* [ACTIVITY]:
After finding the line with "circle A6 centre (27.341, 15.7739)" in the data below, set down exactly each line through the one with "circle A13 centre (59.0134, 38.9224)", inclusive, and stop there.

BEGIN AVAILABLE DATA

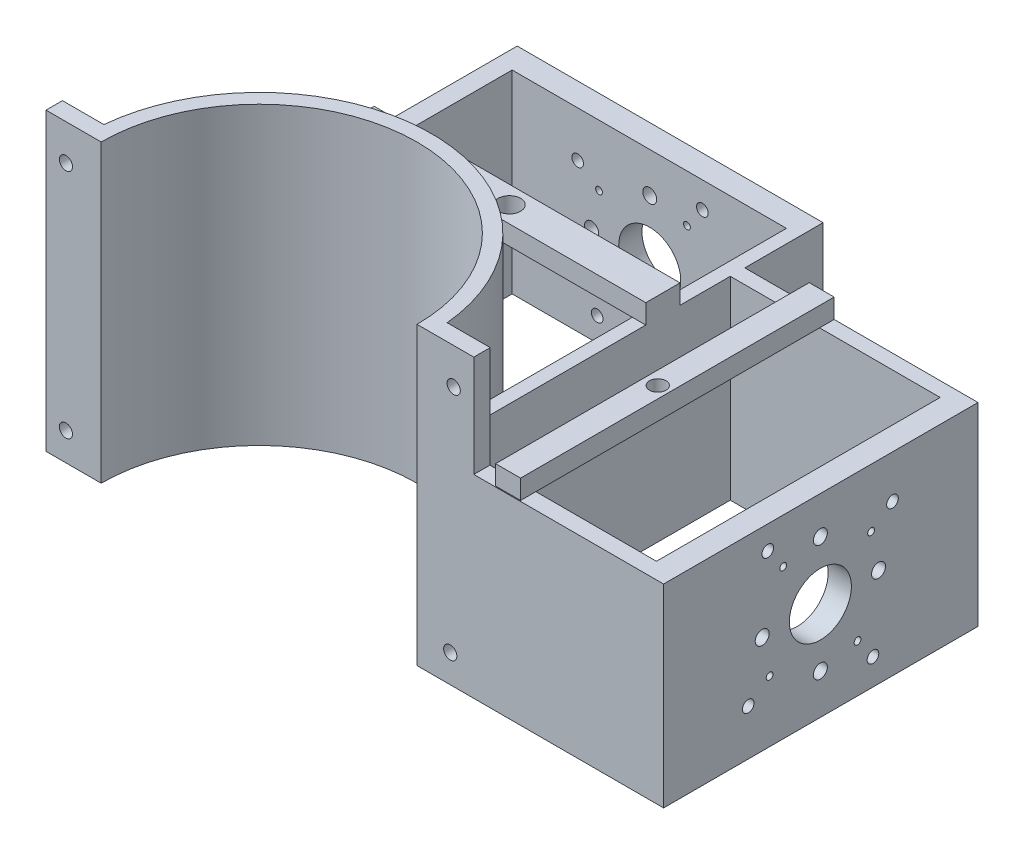
SolidWorks part; units mm, degrees
note: The reader was unsure of these and kept them because the rebuilt part matched: shared geometry of "Sketch8<3>".
ref_plane "Front Plane" through (0, 0, 0) normal (0, 0, 1) x (1, 0, 0)
ref_plane "Top Plane" through (0, 0, 0) normal (0, 1, 0) x (1, 0, 0)
ref_plane "Right Plane" through (0, 0, 0) normal (1, 0, 0) x (0, 0, -1)
sketch "Sketch1" plane through (0, 0, 0) normal (0, 1, 0) x (1, 0, 0)
  line L0 (-44.45, 0) -> (44.45, 0)
  line L2 (-40.7168, 0) -> (-54.9362, 0)
  line L3 (-40.7168, 0) -> (-40.7168, 4.2412)
  line L4 (-40.7168, 4.2412) -> (-54.9362, 4.2412)
  line L5 (-54.9362, 0) -> (-54.9362, 4.2412)
  line L6 (40.7168, 0) -> (55.3596, 0)
  line L7 (40.7168, 0) -> (40.7168, 4.2412)
  line L8 (40.7168, 4.2412) -> (55.3596, 4.2412)
  line L9 (55.3596, 0) -> (55.3596, 4.2412)
  circle A0 centre (0, 0) radius 44.45
  circle A1 centre (0, 0) radius 40.7168
extrude "Boss-Extrude1" add sketch "Sketch1" along normal blind 76.2 contours A1 L7 L8 A0 L4 L3 | L4 A0 L0 L3 | A0 L4 L5 L2 | L0 A0 L8 L7
sketch "Sketch2" plane through (0, 0, -4.2412) normal (0, 0, -1) x (-1, 0, 0)
  circle A0 centre (-49.2914, 7.2315) radius 1.5
  circle A1 centre (-50.1719, 66.9454) radius 1.5
  circle A2 centre (49.8049, 66.9454) radius 1.5
  circle A3 centre (49.8049, 7.2315) radius 1.5
hole_wizard "M3 Clearance Hole1" positions "3DSketch1" profile "Sketch3" hole size "M3" standard "ANSI Metric" end condition through all
sketch3d "3DSketch1"
  point P0 (50.1719, 66.9454, -4.2412)
  point P3 (49.2914, 7.2315, -4.2412)
  point P6 (-49.8049, 7.2315, -4.2412)
  point P9 (-49.8049, 66.9454, -4.2412)
sketch "Sketch3" plane through (50.1719, 66.9454, -4.2412) normal (1, 0, 0) x (0, 1, 0)
  line L0 (0, 0) -> (0, 4.2412)
  line L1 (0, 4.2412) -> (1.7, 4.2412)
  line L2 (1.7, 4.2412) -> (1.7, 0.025)
  line L3 (1.7, 0.025) -> (1.725, 0)
  line L5 (1.725, 0) -> (0, 0)
  line L6 (-1.7, 0.025) -> (-1.725, 0) construction
  line L11 (0, -6.35) -> (0, 107.95) construction
  dimension "Thru Hole Dia." = 3.4
  dimension "Thru Hole Depth" = 4.2412
  dimension "Near C'Sink Dia." = 3.45
  dimension "Near C'Sink Angle" = 90
sketch "Sketch5" plane through (0, 0, 0) normal (0, -1, 0) x (1, 0, 0)
  line L0 (0, -44.45) -> (0, -95.25) construction
  line L1 (0, -44.45) -> (-30, -44.45) construction
  line L2 (0, -44.45) -> (30, -44.45) construction
  line L4 (-30, -27.5293) -> (-34.6976, -27.5293)
  line L5 (-30, -27.5293) -> (-30, -95.25)
  line L6 (-30, -95.25) -> (-34.6976, -95.25)
  line L7 (-34.6976, -27.5293) -> (-34.6976, -95.25)
  line L12 (-34.6976, -95.25) -> (44.1739, -95.25)
  line L13 (-34.6976, -95.25) -> (-34.6976, -101.25)
  line L14 (-34.6976, -101.25) -> (44.1739, -101.25)
  line L15 (44.1739, -95.25) -> (44.1739, -101.25)
  line L20 (44.1739, -95.25) -> (40.7168, -95.25)
  line L21 (44.1739, -95.25) -> (44.1739, 0)
  line L22 (44.1739, 0) -> (40.7168, 0)
  line L23 (40.7168, -95.25) -> (40.7168, 0)
  arc A0 (-44.2472, -4.2412) -> (44.2472, -4.2412) centre (0, 0) ccw construction
  arc A1 (-40.7168, 0) -> (40.7168, 0) centre (0, 0) ccw construction
extrude "Boss-Extrude2" add sketch "Sketch5" against normal blind 50
sketch "Sketch6" plane through (0, 0, -101.25) normal (0, 0, -1) x (-1, 0, 0)
  circle A0 centre (-5.4745, 24.6225) radius 15.0724 construction
  circle A1 centre (-5.4745, 24.6225) radius 8
  circle A2 centre (-5.4745, 24.6225) radius 16.2803 construction
  circle A3 centre (-15.0663, 37.7772) radius 0.875
  circle A4 centre (7.6046, 34.2834) radius 0.875
  circle A5 centre (4.1109, 11.6125) radius 0.875
  circle A6 centre (-18.56, 15.1063) radius 0.875
  circle A7 centre (-5.4745, 39.6949) radius 1.8
  circle A8 centre (9.5223, 24.6917) radius 1.8
  circle A9 centre (-5.4809, 9.6949) radius 1.8
  circle A10 centre (-20.4777, 24.6981) radius 1.8
  circle A11 centre (-5.4745, 24.6225) radius 23.0704
  circle A12 centre (-19.0376, 43.2849) radius 1.5
  circle A13 centre (13.1123, 38.2548) radius 1.5
  circle A14 centre (8.0822, 6.1048) radius 1.5
  circle A15 centre (-24.0677, 11.1349) radius 1.5
  circle A16 centre (-5.4745, 24.6225) radius 30
  point P15 (-5.4777, 24.6949)
  point P24 (-5.4777, 24.6949)
  point P34 (-5.4777, 24.6949)
  dimension "D1" = 4
  dimension "D2" = 4
  dimension "D3" = 4
extrude "Cut-Extrude1" cut sketch "Sketch6" against normal up to next contours A15 | A14 | A13 | A12 | A7 | A3 | A8 | A5 | A9 | A10 | A6 | A1 | A4
sketch "Sketch8" plane through (0, 0, 0) normal (0, -1, 0) x (1, 0, 0)
  line L0 (40.7168, -95.25) -> (40.7168, -17.8309) construction
  line L2 (98.2908, -17.3091) -> (98.2908, -77.3091) construction
  line L3 (98.2908, -77.3091) -> (40.7168, -77.3091)
  line L4 (40.7168, 0) -> (98.2908, 0)
  line L5 (40.7168, 0) -> (40.7168, -4.159)
  line L6 (40.7168, -4.159) -> (98.2908, -4.159)
  line L7 (98.2908, 0) -> (98.2908, -4.159)
  line L12 (98.2908, 0) -> (104.2908, 0)
  line L13 (98.2908, 0) -> (98.2908, -81.0646)
  line L14 (98.2908, -81.0646) -> (104.2908, -81.0646)
  line L15 (104.2908, 0) -> (104.2908, -81.0646)
  line L16 (98.2908, -77.3091) -> (98.2908, -81.0646)
  line L17 (98.2908, -81.0646) -> (40.7168, -81.0646)
  line L18 (40.7168, -77.3091) -> (40.7168, -81.0646)
extrude "Boss-Extrude4" add sketch "Sketch8" against normal blind 50
extrude "Boss-Extrude5" add sketch "Sketch8<3>" against normal blind 50 contours L15 L12 L7 L13 L16 L14
sketch "Sketch8<3>" plane through (0, 0, 0) normal (0, -1, 0) x (1, 0, 0) same geometry as "Sketch8"
sketch "Sketch9" plane through (104.2908, 0, 0) normal (1, 0, 0) x (0, 0, -1)
  circle A0 centre (40.4266, 25.2901) radius 15.0724 construction
  circle A1 centre (40.4266, 25.2901) radius 8
  circle A2 centre (40.4266, 25.2901) radius 16.2803 construction
  circle A3 centre (30.8348, 38.4448) radius 0.875
  circle A4 centre (53.5057, 34.9511) radius 0.875
  circle A5 centre (50.0119, 12.2802) radius 0.875
  circle A6 centre (27.341, 15.7739) radius 0.875
  circle A7 centre (40.4266, 40.3625) radius 1.8
  circle A8 centre (55.4234, 25.3593) radius 1.8
  circle A9 centre (40.4201, 10.3625) radius 1.8
  circle A10 centre (25.4234, 25.3657) radius 1.8
  circle A11 centre (40.4266, 25.2901) radius 23.0704
  circle A12 centre (26.8634, 43.9525) radius 1.5
  circle A13 centre (59.0134, 38.9224) radius 1.5
  circle A14 centre (53.9833, 6.7725) radius 1.5
  circle A15 centre (21.8333, 11.8026) radius 1.5
  circle A16 centre (40.4266, 25.2901) radius 30
  point P15 (40.4234, 25.3625)
  point P24 (40.4234, 25.3625)
  point P31 (40.4234, 25.3625)
extrude "Cut-Extrude2" cut sketch "Sketch9" against normal up to next contours A1 | A13 | A8 | A4 | A7 | A3 | A12 | A10 | A6 | A9 | A5 | A14 | A15
sketch "Sketch11" plane through (0, 50, 0) normal (0, 1, 0) x (1, 0, 0)
  line L0 (-34.6976, 27.7827) -> (-34.6976, 101.25) construction
  line L1 (-34.6976, 64.3653) -> (44.1739, 64.3653)
  line L2 (-34.6976, 64.3653) -> (-34.6976, 55.5322)
  line L3 (-34.6976, 55.5322) -> (44.1739, 55.5322)
  line L4 (44.1739, 64.3653) -> (44.1739, 55.5322)
  line L5 (44.1739, 4.9468) -> (44.1739, 77.3091) construction
  circle A0 centre (4.7381, 59.7852) radius 2.899
  point P10 (4.7381, 59.7852)
extrude "Boss-Extrude6" add sketch "Sketch11" along normal blind 5
sketch "Sketch13" plane through (0, 50, 0) normal (0, 1, 0) x (1, 0, 0)
  line L0 (104.2908, 81.0646) -> (44.1739, 81.0646) construction
  line L1 (60.7673, 81.0646) -> (67.2024, 81.0646)
  line L2 (60.7673, 81.0646) -> (60.7673, 0.2182)
  line L3 (60.7673, 0.2182) -> (67.2024, 0.2182)
  line L4 (67.2024, 81.0646) -> (67.2024, 0.2182)
  circle A0 centre (64.2092, 38.5797) radius 2.1265
  point P6 (64.2092, 38.5797)
extrude "Boss-Extrude9" add sketch "Sketch13" along normal blind 5

END AVAILABLE DATA

* [RESPONSE FOR THIS EXERCISE]:
  circle A6 centre (27.341, 15.7739) radius 0.875
  circle A7 centre (40.4266, 40.3625) radius 1.8
  circle A8 centre (55.4234, 25.3593) radius 1.8
  circle A9 centre (40.4201, 10.3625) radius 1.8
  circle A10 centre (25.4234, 25.3657) radius 1.8
  circle A11 centre (40.4266, 25.2901) radius 23.0704
  circle A12 centre (26.8634, 43.9525) radius 1.5
  circle A13 centre (59.0134, 38.9224) radius 1.5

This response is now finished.